[Description of the task] Where a line of the data below has the string "DOTE", copy that line.

[Data provided Boundary: Start]

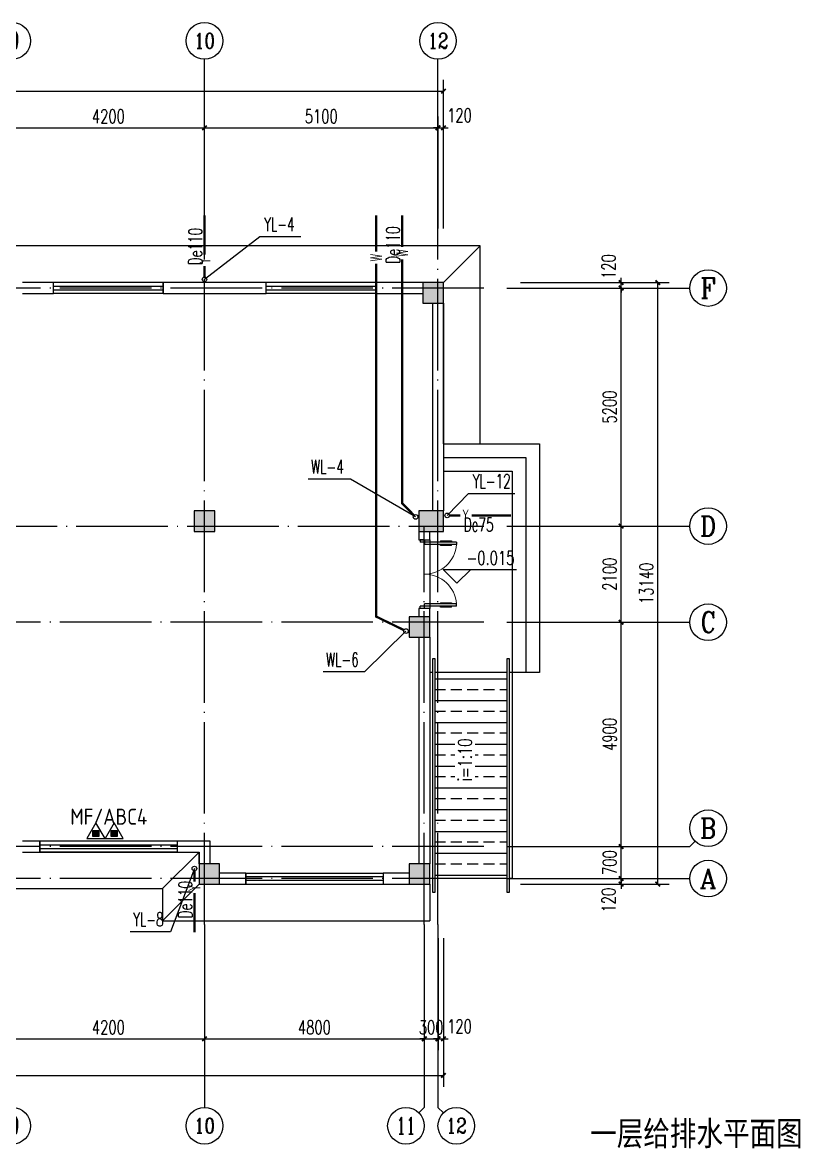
# Model space of a CAD drawing. Extents: x -216126 to 1846968, y -229642 to 543368.
# Drawn here: x 425222 to 442214, y 378722 to 403317 of the extents above; entities that cross this region are included whole.
import ezdxf
from ezdxf.enums import TextEntityAlignment as Align

# ---------------------------------------------------------------- set-up
doc = ezdxf.new("R2010")
doc.units = 0
doc.header["$LTSCALE"] = 1000
doc.header["$MEASUREMENT"] = 0
doc.linetypes.add('DOTE', pattern=[2.42, 2, -0.2, 0.02, -0.2])
doc.layers.get('Defpoints').update_dxf_attribs({"color": 250})
for name, color, linetype in [('AXIS', 171, 'Continuous'), ('AXIS_TEXT', 7, 'Continuous'), ('COLUMN', 9, 'Continuous'), ('DIM_ELEV', 171, 'Continuous'), ('DIM_SYMB', 171, 'Continuous'), ('DIM_污水', 3, 'Continuous'), ('DIM_雨水', 3, 'Continuous'), ('DOTE', 8, 'DOTE'), ('EQUIP_消防', 7, 'Continuous'), ('GROUND', 150, 'Continuous'), ('PIPE-污水', 2, 'Continuous'), ('PIPE-雨水', 4, 'Continuous'), ('PUB_HATCH', 8, 'Continuous'), ('PUB_TEXT', 7, 'Continuous'), ('STAIR', 3, 'Continuous'), ('TEXT_污水', 7, 'Continuous'), ('TEXT_消防', 7, 'Continuous'), ('TEXT_雨水', 7, 'Continuous'), ('TWT_TEXT', 7, 'Continuous'), ('VPIPE-污水', 2, 'Continuous'), ('VPIPE-雨水', 4, 'Continuous'), ('WALL', 9, 'Continuous'), ('WINDOW', 8, 'Continuous'), ('填充', 8, 'Continuous')]:
    doc.layers.add(name, color=color, linetype=linetype)
doc.styles.add('_TCH_AXIS', font='COMPLEX', dxfattribs={"bigfont": 'GBCBIG'})
doc.styles.add('_TCH_DIM', font='SIMPLEX', dxfattribs={"bigfont": 'GBCBIG'})
doc.styles.add('_TCH_DIM_T3', font='SIMPLEX', dxfattribs={"width": 0.705882, "bigfont": 'GBCBIG'})
doc.styles.add('_TWT_PIPEDN', font='SIMPLEX', dxfattribs={"width": 0.8, "height": 3, "bigfont": 'HZTXT'})
doc.styles.add('_TWT_PIPETEXT', font='COMPLEX', dxfattribs={"width": 0.8, "height": 2.5, "bigfont": 'HZTXT'})
doc.styles.add('_TWT_SERIAL', font='COMPLEX', dxfattribs={"width": 0.8, "height": 3, "bigfont": 'HZTXT'})
doc.styles.add('COMPLEX', font='COMPLEX')
doc.styles.get("Standard").update_dxf_attribs({"font": 'gbenor.shx', "bigfont": 'gbcbig.shx'})
doc.styles.add('宋体', font='', dxfattribs={"width": 0.8})
doc.styles.get('宋体').set_extended_font_data('SimSun')
doc.dimstyles.new('_TCH_ARCH&&100', dxfattribs={"dimtxt": 297.5, "dimasz": 100, "dimexe": 250, "dimexo": 300, "dimgap": 100, "dimtad": 1, "dimdec": 0, "dimzin": 0, "dimdsep": 46, "dimtxsty": '_TCH_DIM_T3', "dimblk": 'ARCHTICK', "dimcen": 0.09, "dimclrt": 7, "dimazin": 2, "dimtfac": 1, "dimtdec": 0, "dimtix": 1, "dimtmove": 2, "dimatfit": 3, "dimfxl": 0, "dimtolj": 1, "dimtzin": 0, "dimarcsym": 0})

# ---------------------------------------------------------------- blocks, each defined once
blk = doc.blocks.new('$TwtSys$00000546')
h = blk.add_hatch()
h.set_pattern_fill('ANSI31', color=256, scale=200, style=0)
h.set_pattern_definition([(45, (-38543.802, -6670.83), (-17.67767, 17.67767), [])])
h.paths.add_polyline_path([(-65, 174), (65, 174), (65, 44), (-65, 44)])
for points in [[(0, 344), (-198, 0), (198, 0)], [(-65, 174), (65, 174), (65, 44), (-65, 44)]]:
    blk.add_lwpolyline(points, close=True)
blk = doc.blocks.new('$TCHSYS$WIN2D')
for p, q in [((-0.5, 0.5), (0.5, 0.5)), ((-0.5, 0.5), (-0.5, -0.5)), ((0.5, 0.5), (0.5, -0.5)), ((0.5, 0.1667), (-0.5, 0.1667)), ((0.5, -0.1667), (-0.5, -0.1667)), ((-0.5, -0.5), (0.5, -0.5))]:
    blk.add_line(p, q)
blk = doc.blocks.new('_FZH')
blk.add_lwpolyline([(-0.5, -0.5), (0.5, -0.5), (0.5, 0.5), (-0.5, 0.5)], close=True)
at = {"layer": 'PUB_HATCH'}
blk.add_solid([(-0.5, -0.5), (0.5, -0.5), (-0.5, 0.5), (0.5, 0.5)], dxfattribs=at)
blk = doc.blocks.new('$DorLib2D$00000011')
at = {"lineweight": 13}
for p, q in [((-0.483, 0.396), (-0.483, 0.235)), ((-0.417, 0.396), (-0.417, 0.235)), ((0.417, 0.396), (0.417, 0.235)), ((0.483, 0.396), (0.483, 0.235))]:
    blk.add_line(p, q, dxfattribs=at)
for p, q in [((-0.483, 0.396), (-0.467, 0.396)), ((-0.467, 0.471), (-0.467, -0.062)), ((-0.467, 0.471), (-0.433, 0.471)), ((-0.433, 0.471), (-0.433, 0.004)), ((-0.417, 0.396), (-0.433, 0.396)), ((0.417, 0.396), (0.433, 0.396)), ((0.433, 0.471), (0.433, 0.004)), ((0.467, 0.471), (0.433, 0.471)), ((0.467, 0.471), (0.467, -0.062)), ((0.483, 0.396), (0.467, 0.396)), ((-0.483, 0.235), (-0.467, 0.235)), ((-0.417, 0.235), (-0.433, 0.235)), ((0.417, 0.235), (0.433, 0.235)), ((0.483, 0.235), (0.467, 0.235)), ((-0.5, 0.004), (-0.433, 0.004)), ((-0.5, 0.004), (-0.5, -0.062)), ((0.5, 0.004), (0.433, 0.004)), ((0.5, 0.004), (0.5, -0.062)), ((-0.5, -0.062), (-0.467, -0.062)), ((0.5, -0.062), (0.467, -0.062))]:
    blk.add_line(p, q)
for centre, start, end in [((-0.467, 0.004), 0, 85.904), ((0.467, 0.004), 94.096, 180)]:
    blk.add_arc(centre, 0.467, start, end, dxfattribs=at)
blk = doc.blocks.new('_AXISO')
blk.add_circle((0, 0), 0.5)
at = {"layer": 'AXIS_TEXT', "style": 'COMPLEX', "width": 1.041667}
blk.add_attdef('A', text='', height=0.56, dxfattribs=at).set_placement((-0.25, -0.28), (0.25, -0.28), align=Align.FIT)
blk = doc.blocks.new('_ArchTick')
at = {"color": 0, "linetype": 'ByBlock', "const_width": 0.4}
blk.add_lwpolyline([(-0.5, -0.5), (0.5, 0.5)], dxfattribs=at)
blk = doc.blocks.new('*D276')
at = {"layer": 'AXIS', "color": 0, "lineweight": -2}
for p, q in [((390977, 383317), (390977, 380067)), ((434417, 383317), (434417, 380067)), ((390977, 380317), (434417, 380317))]:
    blk.add_line(p, q, dxfattribs=at)
at = {"layer": 'Defpoints', "color": 0}
for p in [(390977, 383617), (434417, 383617), (434417, 380317)]:
    blk.add_point(p, dxfattribs=at)
at = {"layer": 'AXIS', "color": 0, "lineweight": -2, "xscale": 100, "yscale": 100, "zscale": 100, "rotation": 180}
blk.add_blockref('_ArchTick', (390977, 380317), dxfattribs=at)
at = {"layer": 'AXIS', "color": 0, "lineweight": -2, "xscale": 100, "yscale": 100, "zscale": 100}
blk.add_blockref('_ArchTick', (434417, 380317), dxfattribs=at)
at = {"layer": 'AXIS', "color": 7, "insert": (412697, 380566), "char_height": 297.5, "attachment_point": 5, "style": '_TCH_DIM_T3'}
blk.add_mtext('\\A1;43440', dxfattribs=at)
blk = doc.blocks.new('*D289')
at = {"layer": 'AXIS', "color": 0, "lineweight": -2}
for p, q in [((424997, 383317), (424997, 380867)), ((429197, 383317), (429197, 380867)), ((424997, 381117), (429197, 381117))]:
    blk.add_line(p, q, dxfattribs=at)
at = {"layer": 'Defpoints', "color": 0}
for p in [(424997, 383617), (429197, 383617), (429197, 381117)]:
    blk.add_point(p, dxfattribs=at)
at = {"layer": 'AXIS', "color": 0, "lineweight": -2, "xscale": 100, "yscale": 100, "zscale": 100, "rotation": 180}
blk.add_blockref('_ArchTick', (424997, 381117), dxfattribs=at)
at = {"layer": 'AXIS', "color": 0, "lineweight": -2, "xscale": 100, "yscale": 100, "zscale": 100}
blk.add_blockref('_ArchTick', (429197, 381117), dxfattribs=at)
at = {"layer": 'AXIS', "color": 7, "insert": (427097, 381366), "char_height": 297.5, "attachment_point": 5, "style": '_TCH_DIM_T3'}
blk.add_mtext('\\A1;4200', dxfattribs=at)
blk = doc.blocks.new('*D290')
at = {"layer": 'AXIS', "color": 0, "lineweight": -2}
for p, q in [((429197, 383317), (429197, 380867)), ((433997, 383317), (433997, 380867)), ((429197, 381117), (433997, 381117))]:
    blk.add_line(p, q, dxfattribs=at)
at = {"layer": 'Defpoints', "color": 0}
for p in [(429197, 383617), (433997, 383617), (433997, 381117)]:
    blk.add_point(p, dxfattribs=at)
at = {"layer": 'AXIS', "color": 0, "lineweight": -2, "xscale": 100, "yscale": 100, "zscale": 100, "rotation": 180}
blk.add_blockref('_ArchTick', (429197, 381117), dxfattribs=at)
at = {"layer": 'AXIS', "color": 0, "lineweight": -2, "xscale": 100, "yscale": 100, "zscale": 100}
blk.add_blockref('_ArchTick', (433997, 381117), dxfattribs=at)
at = {"layer": 'AXIS', "color": 7, "insert": (431597, 381366), "char_height": 297.5, "attachment_point": 5, "style": '_TCH_DIM_T3'}
blk.add_mtext('\\A1;4800', dxfattribs=at)
blk = doc.blocks.new('*D291')
at = {"layer": 'AXIS', "color": 0, "lineweight": -2}
for p, q in [((433997, 383317), (433997, 380867)), ((434297, 383317), (434297, 380867)), ((433997, 381117), (433897, 381117)), ((433997, 381117), (434297, 381117)), ((434297, 381117), (434397, 381117))]:
    blk.add_line(p, q, dxfattribs=at)
at = {"layer": 'Defpoints', "color": 0}
for p in [(433997, 383617), (434297, 383617), (434297, 381117)]:
    blk.add_point(p, dxfattribs=at)
at = {"layer": 'AXIS', "color": 0, "lineweight": -2, "xscale": 100, "yscale": 100, "zscale": 100}
blk.add_blockref('_ArchTick', (433997, 381117), dxfattribs=at)
at = {"layer": 'AXIS', "color": 0, "lineweight": -2, "xscale": 100, "yscale": 100, "zscale": 100, "rotation": 180}
blk.add_blockref('_ArchTick', (434297, 381117), dxfattribs=at)
at = {"layer": 'AXIS', "color": 7, "insert": (434147, 381366), "char_height": 297.5, "attachment_point": 5, "style": '_TCH_DIM_T3'}
blk.add_mtext('\\A1;300', dxfattribs=at)
blk = doc.blocks.new('*D292')
at = {"layer": 'AXIS', "color": 0, "lineweight": -2}
for p, q in [((434297, 383317), (434297, 380867)), ((434417, 383317), (434417, 380867)), ((434297, 381117), (434197, 381117)), ((434297, 381117), (434417, 381117)), ((434417, 381117), (434517, 381117))]:
    blk.add_line(p, q, dxfattribs=at)
at = {"layer": 'Defpoints', "color": 0}
for p in [(434297, 383617), (434417, 383617), (434417, 381117)]:
    blk.add_point(p, dxfattribs=at)
at = {"layer": 'AXIS', "color": 0, "lineweight": -2, "xscale": 100, "yscale": 100, "zscale": 100}
blk.add_blockref('_ArchTick', (434297, 381117), dxfattribs=at)
at = {"layer": 'AXIS', "color": 0, "lineweight": -2, "xscale": 100, "yscale": 100, "zscale": 100, "rotation": 180}
blk.add_blockref('_ArchTick', (434417, 381117), dxfattribs=at)
at = {"layer": 'AXIS', "color": 7, "insert": (434767, 381392), "char_height": 297.5, "attachment_point": 5, "style": '_TCH_DIM_T3'}
blk.add_mtext('\\A1;120', dxfattribs=at)
blk = doc.blocks.new('*D293')
at = {"layer": 'AXIS', "color": 0, "lineweight": -2}
for p, q in [((390977, 398817), (390977, 402067)), ((434417, 398817), (434417, 402067)), ((390977, 401817), (434417, 401817))]:
    blk.add_line(p, q, dxfattribs=at)
at = {"layer": 'Defpoints', "color": 0}
for p in [(434417, 401817), (390977, 398517), (434417, 398517)]:
    blk.add_point(p, dxfattribs=at)
at = {"layer": 'AXIS', "color": 0, "lineweight": -2, "xscale": 100, "yscale": 100, "zscale": 100, "rotation": 180}
blk.add_blockref('_ArchTick', (390977, 401817), dxfattribs=at)
at = {"layer": 'AXIS', "color": 0, "lineweight": -2, "xscale": 100, "yscale": 100, "zscale": 100}
blk.add_blockref('_ArchTick', (434417, 401817), dxfattribs=at)
at = {"layer": 'AXIS', "color": 7, "insert": (412697, 402066), "char_height": 297.5, "attachment_point": 5, "style": '_TCH_DIM_T3'}
blk.add_mtext('\\A1;43440', dxfattribs=at)
blk = doc.blocks.new('*D305')
at = {"layer": 'AXIS', "color": 0, "lineweight": -2}
for p, q in [((424997, 398817), (424997, 401267)), ((429197, 398817), (429197, 401267)), ((424997, 401017), (429197, 401017))]:
    blk.add_line(p, q, dxfattribs=at)
at = {"layer": 'Defpoints', "color": 0}
for p in [(429197, 401017), (424997, 398517), (429197, 398517)]:
    blk.add_point(p, dxfattribs=at)
at = {"layer": 'AXIS', "color": 0, "lineweight": -2, "xscale": 100, "yscale": 100, "zscale": 100, "rotation": 180}
blk.add_blockref('_ArchTick', (424997, 401017), dxfattribs=at)
at = {"layer": 'AXIS', "color": 0, "lineweight": -2, "xscale": 100, "yscale": 100, "zscale": 100}
blk.add_blockref('_ArchTick', (429197, 401017), dxfattribs=at)
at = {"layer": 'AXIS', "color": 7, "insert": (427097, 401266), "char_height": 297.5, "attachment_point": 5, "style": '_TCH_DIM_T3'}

[Data provided Boundary: End]

[Response for this exercise]
doc.linetypes.add('DOTE', pattern=[2.42, 2, -0.2, 0.02, -0.2])
for name, color, linetype in [('AXIS', 171, 'Continuous'), ('AXIS_TEXT', 7, 'Continuous'), ('COLUMN', 9, 'Continuous'), ('DIM_ELEV', 171, 'Continuous'), ('DIM_SYMB', 171, 'Continuous'), ('DIM_污水', 3, 'Continuous'), ('DIM_雨水', 3, 'Continuous'), ('DOTE', 8, 'DOTE'), ('EQUIP_消防', 7, 'Continuous'), ('GROUND', 150, 'Continuous'), ('PIPE-污水', 2, 'Continuous'), ('PIPE-雨水', 4, 'Continuous'), ('PUB_HATCH', 8, 'Continuous'), ('PUB_TEXT', 7, 'Continuous'), ('STAIR', 3, 'Continuous'), ('TEXT_污水', 7, 'Continuous'), ('TEXT_消防', 7, 'Continuous'), ('TEXT_雨水', 7, 'Continuous'), ('TWT_TEXT', 7, 'Continuous'), ('VPIPE-污水', 2, 'Continuous'), ('VPIPE-雨水', 4, 'Continuous'), ('WALL', 9, 'Continuous'), ('WINDOW', 8, 'Continuous'), ('填充', 8, 'Continuous')]:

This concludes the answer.